## Extracted data entries:
=== Begin Enclosure ===
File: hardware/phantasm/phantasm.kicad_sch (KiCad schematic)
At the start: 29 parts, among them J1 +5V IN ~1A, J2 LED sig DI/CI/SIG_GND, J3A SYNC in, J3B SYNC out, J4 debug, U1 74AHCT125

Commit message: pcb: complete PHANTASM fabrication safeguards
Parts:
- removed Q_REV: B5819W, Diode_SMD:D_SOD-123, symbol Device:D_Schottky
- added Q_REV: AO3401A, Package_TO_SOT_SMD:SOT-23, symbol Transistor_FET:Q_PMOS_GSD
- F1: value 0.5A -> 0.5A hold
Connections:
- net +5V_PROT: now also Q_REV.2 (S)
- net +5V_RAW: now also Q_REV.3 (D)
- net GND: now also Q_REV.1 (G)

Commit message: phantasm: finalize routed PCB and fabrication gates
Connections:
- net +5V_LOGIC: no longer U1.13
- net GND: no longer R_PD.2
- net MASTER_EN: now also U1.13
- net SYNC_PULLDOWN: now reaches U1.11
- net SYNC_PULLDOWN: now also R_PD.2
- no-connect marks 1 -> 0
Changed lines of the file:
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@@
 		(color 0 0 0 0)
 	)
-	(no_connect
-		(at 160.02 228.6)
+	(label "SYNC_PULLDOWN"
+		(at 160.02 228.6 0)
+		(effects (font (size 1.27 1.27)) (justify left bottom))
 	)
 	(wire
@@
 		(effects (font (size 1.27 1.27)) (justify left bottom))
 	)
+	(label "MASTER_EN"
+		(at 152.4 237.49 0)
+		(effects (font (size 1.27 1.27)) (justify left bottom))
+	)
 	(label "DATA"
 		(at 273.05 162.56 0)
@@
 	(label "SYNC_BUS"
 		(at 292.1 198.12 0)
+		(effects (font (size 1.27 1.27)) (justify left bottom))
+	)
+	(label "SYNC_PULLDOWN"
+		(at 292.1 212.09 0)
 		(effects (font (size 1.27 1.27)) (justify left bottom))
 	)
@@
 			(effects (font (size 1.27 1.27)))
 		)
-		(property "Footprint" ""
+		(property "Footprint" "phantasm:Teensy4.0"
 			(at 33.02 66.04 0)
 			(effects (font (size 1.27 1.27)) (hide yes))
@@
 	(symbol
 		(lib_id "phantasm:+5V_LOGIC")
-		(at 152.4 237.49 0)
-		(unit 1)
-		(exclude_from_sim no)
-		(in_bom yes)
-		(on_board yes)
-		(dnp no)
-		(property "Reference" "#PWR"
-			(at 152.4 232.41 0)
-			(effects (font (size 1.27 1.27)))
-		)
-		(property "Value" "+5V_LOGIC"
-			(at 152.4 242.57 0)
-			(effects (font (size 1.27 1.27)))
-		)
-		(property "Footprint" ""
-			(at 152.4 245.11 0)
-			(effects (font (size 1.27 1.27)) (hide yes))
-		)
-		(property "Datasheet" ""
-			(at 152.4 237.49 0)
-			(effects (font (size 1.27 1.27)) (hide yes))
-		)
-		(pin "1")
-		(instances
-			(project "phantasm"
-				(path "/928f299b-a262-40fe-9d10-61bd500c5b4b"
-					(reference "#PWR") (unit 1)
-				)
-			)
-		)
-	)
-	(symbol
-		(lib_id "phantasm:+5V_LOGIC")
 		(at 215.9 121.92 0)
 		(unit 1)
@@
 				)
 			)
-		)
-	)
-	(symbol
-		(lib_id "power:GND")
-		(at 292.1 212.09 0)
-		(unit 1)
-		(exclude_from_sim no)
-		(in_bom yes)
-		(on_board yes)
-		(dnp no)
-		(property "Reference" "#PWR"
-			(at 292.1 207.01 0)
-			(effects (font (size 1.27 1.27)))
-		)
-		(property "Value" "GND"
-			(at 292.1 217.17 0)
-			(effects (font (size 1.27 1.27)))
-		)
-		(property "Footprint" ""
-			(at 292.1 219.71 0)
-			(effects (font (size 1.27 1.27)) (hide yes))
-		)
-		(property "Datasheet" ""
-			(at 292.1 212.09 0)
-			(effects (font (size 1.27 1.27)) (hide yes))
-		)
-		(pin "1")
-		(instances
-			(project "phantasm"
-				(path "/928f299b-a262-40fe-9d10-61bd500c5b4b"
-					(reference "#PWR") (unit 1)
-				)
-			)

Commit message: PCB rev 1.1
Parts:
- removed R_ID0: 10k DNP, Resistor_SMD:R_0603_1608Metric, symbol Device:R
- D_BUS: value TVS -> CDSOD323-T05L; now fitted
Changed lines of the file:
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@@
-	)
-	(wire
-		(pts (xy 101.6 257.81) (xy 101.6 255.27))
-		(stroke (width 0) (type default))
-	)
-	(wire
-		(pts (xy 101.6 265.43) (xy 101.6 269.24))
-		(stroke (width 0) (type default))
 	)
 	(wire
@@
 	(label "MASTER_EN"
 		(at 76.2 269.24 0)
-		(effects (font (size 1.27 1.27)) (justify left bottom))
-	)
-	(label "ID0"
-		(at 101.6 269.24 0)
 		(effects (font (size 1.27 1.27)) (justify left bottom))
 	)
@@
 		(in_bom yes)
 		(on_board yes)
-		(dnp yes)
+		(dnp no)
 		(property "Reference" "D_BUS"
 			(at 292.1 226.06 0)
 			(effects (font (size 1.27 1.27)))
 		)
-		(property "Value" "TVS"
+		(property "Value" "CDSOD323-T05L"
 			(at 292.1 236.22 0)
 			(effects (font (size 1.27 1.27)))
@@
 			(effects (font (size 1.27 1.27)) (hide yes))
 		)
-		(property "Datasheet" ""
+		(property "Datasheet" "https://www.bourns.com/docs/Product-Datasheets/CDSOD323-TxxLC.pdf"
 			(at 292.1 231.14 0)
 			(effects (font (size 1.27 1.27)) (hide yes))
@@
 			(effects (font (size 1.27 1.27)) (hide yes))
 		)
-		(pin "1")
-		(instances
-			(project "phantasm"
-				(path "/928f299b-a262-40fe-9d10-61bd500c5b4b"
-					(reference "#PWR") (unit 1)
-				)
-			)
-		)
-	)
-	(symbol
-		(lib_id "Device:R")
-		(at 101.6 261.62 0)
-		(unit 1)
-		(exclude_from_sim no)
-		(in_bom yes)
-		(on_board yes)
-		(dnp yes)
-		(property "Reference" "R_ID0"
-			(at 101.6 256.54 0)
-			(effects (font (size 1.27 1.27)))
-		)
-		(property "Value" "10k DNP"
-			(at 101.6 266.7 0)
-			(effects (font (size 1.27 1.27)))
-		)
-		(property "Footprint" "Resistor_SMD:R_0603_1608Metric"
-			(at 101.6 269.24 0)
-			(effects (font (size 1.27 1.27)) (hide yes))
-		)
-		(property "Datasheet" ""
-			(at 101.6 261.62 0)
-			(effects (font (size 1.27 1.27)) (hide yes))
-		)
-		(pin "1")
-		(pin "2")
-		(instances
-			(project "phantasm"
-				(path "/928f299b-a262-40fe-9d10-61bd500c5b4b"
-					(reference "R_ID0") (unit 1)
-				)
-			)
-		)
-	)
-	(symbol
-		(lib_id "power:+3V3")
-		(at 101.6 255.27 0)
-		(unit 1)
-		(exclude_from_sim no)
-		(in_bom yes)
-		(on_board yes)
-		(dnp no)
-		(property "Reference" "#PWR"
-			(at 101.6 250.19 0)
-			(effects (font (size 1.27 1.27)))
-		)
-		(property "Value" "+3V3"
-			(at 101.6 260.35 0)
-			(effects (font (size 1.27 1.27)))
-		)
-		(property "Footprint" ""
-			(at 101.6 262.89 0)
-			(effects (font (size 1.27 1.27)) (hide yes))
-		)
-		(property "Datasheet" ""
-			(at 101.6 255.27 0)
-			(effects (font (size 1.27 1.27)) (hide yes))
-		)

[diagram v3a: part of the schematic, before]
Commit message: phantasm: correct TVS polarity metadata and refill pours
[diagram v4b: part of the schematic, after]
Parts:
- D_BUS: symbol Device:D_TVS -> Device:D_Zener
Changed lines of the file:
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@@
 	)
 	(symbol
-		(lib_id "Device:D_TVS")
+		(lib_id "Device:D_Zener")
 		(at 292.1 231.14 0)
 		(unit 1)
=== End Enclosure ===
## Action item:
Your task is to copy every line of the entries that contains the string "diagram".

## Exercise answer:
[diagram v3a: part of the schematic, before]
[diagram v4b: part of the schematic, after]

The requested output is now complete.